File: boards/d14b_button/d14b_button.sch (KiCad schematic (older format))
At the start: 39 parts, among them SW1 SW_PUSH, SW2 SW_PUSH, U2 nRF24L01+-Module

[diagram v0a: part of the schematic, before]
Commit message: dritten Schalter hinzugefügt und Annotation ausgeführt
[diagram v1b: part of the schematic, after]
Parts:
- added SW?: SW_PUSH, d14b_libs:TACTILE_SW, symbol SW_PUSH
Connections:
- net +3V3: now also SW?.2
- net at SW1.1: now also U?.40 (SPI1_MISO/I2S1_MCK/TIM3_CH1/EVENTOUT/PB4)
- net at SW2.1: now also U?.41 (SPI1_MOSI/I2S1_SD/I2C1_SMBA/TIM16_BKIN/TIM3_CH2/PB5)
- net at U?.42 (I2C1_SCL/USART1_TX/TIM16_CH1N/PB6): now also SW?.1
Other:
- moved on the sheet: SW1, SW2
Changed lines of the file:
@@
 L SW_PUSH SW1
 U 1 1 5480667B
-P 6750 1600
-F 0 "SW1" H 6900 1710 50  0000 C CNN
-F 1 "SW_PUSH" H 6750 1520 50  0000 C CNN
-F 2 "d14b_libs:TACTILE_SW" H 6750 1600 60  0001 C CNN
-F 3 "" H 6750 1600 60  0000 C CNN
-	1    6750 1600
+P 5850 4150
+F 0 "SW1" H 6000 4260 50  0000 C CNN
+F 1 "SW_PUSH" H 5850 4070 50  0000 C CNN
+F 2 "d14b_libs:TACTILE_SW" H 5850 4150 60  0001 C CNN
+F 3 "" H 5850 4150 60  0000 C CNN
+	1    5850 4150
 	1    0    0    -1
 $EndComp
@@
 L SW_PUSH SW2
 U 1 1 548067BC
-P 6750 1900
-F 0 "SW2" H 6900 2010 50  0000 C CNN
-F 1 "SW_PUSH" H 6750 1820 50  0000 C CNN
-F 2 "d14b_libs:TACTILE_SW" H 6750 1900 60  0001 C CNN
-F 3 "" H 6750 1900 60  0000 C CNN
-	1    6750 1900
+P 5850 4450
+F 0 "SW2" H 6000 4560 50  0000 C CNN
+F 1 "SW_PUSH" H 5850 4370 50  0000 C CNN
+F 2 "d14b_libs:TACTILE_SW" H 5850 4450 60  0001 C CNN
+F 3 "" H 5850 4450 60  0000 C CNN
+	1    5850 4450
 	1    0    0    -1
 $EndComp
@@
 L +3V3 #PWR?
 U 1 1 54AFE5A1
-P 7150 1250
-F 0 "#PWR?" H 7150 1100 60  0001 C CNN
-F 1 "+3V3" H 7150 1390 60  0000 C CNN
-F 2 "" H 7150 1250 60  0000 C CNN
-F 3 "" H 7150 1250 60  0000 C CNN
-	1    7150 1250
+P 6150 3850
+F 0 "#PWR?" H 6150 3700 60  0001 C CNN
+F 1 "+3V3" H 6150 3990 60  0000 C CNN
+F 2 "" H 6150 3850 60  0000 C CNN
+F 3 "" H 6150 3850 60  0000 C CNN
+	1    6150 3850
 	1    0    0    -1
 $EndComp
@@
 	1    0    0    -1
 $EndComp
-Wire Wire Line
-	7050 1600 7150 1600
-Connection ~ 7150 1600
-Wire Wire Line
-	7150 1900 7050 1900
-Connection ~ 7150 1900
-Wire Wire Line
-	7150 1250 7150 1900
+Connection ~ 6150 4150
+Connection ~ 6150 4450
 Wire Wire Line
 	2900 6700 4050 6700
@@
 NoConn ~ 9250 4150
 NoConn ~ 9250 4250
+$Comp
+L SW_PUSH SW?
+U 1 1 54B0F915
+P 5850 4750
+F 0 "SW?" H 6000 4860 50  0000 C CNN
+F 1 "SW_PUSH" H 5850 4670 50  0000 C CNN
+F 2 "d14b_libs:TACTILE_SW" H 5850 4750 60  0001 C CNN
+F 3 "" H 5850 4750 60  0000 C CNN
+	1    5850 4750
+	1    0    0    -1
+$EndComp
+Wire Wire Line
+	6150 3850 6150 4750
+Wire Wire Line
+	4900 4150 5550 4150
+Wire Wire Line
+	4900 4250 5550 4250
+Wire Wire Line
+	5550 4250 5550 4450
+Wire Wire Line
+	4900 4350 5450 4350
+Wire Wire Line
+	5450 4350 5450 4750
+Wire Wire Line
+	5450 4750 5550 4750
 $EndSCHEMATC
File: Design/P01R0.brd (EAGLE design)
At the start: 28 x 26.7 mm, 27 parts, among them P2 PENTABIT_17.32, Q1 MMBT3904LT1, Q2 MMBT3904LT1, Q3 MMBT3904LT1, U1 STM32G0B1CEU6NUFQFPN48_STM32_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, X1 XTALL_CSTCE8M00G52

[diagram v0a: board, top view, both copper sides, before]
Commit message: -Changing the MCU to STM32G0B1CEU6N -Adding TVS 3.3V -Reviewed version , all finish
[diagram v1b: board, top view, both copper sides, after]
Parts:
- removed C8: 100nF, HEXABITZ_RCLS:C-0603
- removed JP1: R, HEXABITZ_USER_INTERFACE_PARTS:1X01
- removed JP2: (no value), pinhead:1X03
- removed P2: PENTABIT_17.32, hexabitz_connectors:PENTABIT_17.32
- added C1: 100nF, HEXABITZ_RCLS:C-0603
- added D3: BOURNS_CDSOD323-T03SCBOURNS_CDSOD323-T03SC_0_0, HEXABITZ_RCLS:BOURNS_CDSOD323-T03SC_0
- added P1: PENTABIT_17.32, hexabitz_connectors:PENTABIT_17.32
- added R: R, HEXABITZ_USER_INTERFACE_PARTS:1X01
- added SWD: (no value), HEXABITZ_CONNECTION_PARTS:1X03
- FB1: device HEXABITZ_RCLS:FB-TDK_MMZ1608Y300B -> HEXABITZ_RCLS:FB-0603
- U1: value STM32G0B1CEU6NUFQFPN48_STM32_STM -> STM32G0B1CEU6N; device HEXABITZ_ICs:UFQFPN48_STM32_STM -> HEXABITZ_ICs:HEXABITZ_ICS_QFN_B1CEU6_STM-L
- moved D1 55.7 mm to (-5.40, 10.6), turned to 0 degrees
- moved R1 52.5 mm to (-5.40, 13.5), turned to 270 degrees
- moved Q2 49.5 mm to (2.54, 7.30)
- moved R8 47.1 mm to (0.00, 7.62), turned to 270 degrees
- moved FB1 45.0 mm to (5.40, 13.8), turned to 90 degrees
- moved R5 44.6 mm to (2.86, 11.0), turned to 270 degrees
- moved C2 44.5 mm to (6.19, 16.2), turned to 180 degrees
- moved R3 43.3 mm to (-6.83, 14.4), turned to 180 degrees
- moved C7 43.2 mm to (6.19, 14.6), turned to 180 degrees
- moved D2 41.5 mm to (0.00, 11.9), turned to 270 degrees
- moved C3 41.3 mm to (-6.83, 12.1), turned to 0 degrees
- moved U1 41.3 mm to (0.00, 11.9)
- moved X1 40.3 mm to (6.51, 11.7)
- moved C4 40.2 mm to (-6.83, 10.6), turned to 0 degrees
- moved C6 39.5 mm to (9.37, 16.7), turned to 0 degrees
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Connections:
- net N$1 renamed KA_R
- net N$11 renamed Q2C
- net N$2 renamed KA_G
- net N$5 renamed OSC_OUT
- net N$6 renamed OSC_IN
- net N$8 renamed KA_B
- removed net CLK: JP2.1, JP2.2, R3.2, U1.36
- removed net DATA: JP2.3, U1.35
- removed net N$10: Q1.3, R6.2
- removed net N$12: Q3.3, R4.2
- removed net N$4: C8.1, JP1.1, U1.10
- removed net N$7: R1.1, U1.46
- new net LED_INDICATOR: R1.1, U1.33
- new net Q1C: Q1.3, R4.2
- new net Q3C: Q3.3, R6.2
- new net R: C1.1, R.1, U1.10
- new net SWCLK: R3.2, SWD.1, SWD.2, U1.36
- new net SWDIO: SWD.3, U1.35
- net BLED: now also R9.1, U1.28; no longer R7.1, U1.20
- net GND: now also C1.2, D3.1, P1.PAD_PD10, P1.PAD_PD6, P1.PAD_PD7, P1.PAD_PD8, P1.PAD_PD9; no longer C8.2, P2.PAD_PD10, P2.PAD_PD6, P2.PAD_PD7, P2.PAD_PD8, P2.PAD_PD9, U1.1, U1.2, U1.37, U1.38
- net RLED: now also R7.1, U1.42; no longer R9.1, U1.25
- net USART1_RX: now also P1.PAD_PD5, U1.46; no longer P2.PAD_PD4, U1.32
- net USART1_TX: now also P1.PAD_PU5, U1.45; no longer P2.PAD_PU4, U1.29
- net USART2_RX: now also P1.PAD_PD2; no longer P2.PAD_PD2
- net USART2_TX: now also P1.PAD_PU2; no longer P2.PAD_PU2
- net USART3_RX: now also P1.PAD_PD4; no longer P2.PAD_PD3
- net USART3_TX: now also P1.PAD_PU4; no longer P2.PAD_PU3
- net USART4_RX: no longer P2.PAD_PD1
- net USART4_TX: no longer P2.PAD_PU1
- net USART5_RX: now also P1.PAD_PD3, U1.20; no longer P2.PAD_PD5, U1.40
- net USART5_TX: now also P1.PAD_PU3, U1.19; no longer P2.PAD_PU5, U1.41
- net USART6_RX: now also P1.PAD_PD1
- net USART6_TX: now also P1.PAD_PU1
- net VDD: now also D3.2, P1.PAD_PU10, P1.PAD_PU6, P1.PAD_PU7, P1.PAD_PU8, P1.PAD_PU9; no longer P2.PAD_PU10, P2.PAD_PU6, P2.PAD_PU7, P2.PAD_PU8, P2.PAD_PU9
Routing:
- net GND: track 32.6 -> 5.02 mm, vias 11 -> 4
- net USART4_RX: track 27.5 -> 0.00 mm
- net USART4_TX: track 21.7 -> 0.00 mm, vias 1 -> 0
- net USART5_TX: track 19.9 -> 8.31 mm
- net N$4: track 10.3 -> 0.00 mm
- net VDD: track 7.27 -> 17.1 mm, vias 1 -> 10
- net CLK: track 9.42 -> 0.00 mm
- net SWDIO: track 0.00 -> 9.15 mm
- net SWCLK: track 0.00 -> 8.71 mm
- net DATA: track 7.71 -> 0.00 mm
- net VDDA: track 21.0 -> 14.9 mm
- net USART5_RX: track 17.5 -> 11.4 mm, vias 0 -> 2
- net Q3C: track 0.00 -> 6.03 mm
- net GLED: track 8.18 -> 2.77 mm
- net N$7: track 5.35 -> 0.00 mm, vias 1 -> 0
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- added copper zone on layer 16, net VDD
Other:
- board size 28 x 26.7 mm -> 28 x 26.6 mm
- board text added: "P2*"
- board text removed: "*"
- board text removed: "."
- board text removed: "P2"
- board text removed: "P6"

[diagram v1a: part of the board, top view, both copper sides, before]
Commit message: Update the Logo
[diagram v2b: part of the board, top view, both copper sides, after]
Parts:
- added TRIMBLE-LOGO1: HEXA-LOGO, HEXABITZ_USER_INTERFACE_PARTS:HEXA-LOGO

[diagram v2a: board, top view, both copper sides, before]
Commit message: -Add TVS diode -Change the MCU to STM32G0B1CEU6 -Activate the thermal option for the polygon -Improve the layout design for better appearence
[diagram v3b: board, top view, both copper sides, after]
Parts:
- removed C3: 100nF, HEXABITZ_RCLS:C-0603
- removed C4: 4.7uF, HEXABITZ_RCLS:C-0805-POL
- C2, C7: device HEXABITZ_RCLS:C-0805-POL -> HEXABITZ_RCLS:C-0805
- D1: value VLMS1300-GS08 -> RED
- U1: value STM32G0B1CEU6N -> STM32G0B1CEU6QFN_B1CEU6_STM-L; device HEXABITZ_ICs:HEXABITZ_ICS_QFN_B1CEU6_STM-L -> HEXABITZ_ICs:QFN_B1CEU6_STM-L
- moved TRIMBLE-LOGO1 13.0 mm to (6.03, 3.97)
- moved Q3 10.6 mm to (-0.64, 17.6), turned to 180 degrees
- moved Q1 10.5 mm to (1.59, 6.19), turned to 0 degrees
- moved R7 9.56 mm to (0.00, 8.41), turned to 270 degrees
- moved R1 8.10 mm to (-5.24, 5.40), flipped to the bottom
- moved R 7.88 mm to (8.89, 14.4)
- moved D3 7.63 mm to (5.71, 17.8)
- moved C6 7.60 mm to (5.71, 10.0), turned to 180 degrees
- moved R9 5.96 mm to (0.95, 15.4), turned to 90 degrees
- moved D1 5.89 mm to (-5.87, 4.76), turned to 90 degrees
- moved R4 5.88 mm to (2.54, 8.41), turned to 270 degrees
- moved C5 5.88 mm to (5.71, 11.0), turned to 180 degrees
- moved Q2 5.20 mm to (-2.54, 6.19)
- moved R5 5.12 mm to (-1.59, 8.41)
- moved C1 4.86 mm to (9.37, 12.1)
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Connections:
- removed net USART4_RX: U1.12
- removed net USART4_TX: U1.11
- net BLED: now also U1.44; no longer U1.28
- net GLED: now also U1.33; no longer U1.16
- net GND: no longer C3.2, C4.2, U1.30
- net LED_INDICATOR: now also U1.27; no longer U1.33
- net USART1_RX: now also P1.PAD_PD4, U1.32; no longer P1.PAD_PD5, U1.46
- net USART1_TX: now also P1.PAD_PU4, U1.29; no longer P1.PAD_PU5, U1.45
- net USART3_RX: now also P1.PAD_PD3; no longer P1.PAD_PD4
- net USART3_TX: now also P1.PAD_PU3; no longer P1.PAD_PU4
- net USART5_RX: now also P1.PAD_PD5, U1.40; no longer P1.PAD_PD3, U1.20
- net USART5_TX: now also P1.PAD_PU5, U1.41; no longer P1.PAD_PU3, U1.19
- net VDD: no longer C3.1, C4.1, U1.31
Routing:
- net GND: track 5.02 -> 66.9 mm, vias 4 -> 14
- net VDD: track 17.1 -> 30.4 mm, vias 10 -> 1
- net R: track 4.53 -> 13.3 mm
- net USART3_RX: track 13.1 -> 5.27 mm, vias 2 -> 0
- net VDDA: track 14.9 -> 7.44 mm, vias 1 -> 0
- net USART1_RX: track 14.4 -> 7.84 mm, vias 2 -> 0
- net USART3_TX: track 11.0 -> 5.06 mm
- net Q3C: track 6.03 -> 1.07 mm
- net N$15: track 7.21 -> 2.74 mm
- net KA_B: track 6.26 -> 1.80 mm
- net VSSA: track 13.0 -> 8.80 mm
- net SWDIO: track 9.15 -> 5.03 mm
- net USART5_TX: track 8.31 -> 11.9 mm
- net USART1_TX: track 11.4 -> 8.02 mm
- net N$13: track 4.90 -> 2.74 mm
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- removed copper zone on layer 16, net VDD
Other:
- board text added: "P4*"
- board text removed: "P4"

===

> **PROBLEM TO SOLVE**: In the listing above, find the line with "- moved Q1 10.5" and the line with "- net USART1_RX: now also P1.PAD_PD4, U1.32;", then reproduce both and every line between them exactly.

> **WRITTEN RESPONSE**:
- moved Q1 10.5 mm to (1.59, 6.19), turned to 0 degrees
- moved R7 9.56 mm to (0.00, 8.41), turned to 270 degrees
- moved R1 8.10 mm to (-5.24, 5.40), flipped to the bottom
- moved R 7.88 mm to (8.89, 14.4)
- moved D3 7.63 mm to (5.71, 17.8)
- moved C6 7.60 mm to (5.71, 10.0), turned to 180 degrees
- moved R9 5.96 mm to (0.95, 15.4), turned to 90 degrees
- moved D1 5.89 mm to (-5.87, 4.76), turned to 90 degrees
- moved R4 5.88 mm to (2.54, 8.41), turned to 270 degrees
- moved C5 5.88 mm to (5.71, 11.0), turned to 180 degrees
- moved Q2 5.20 mm to (-2.54, 6.19)
- moved R5 5.12 mm to (-1.59, 8.41)
- moved C1 4.86 mm to (9.37, 12.1)
Connections:
- removed net USART4_RX: U1.12
- removed net USART4_TX: U1.11
- net BLED: now also U1.44; no longer U1.28
- net GLED: now also U1.33; no longer U1.16
- net GND: no longer C3.2, C4.2, U1.30
- net LED_INDICATOR: now also U1.27; no longer U1.33
- net USART1_RX: now also P1.PAD_PD4, U1.32; no longer P1.PAD_PD5, U1.46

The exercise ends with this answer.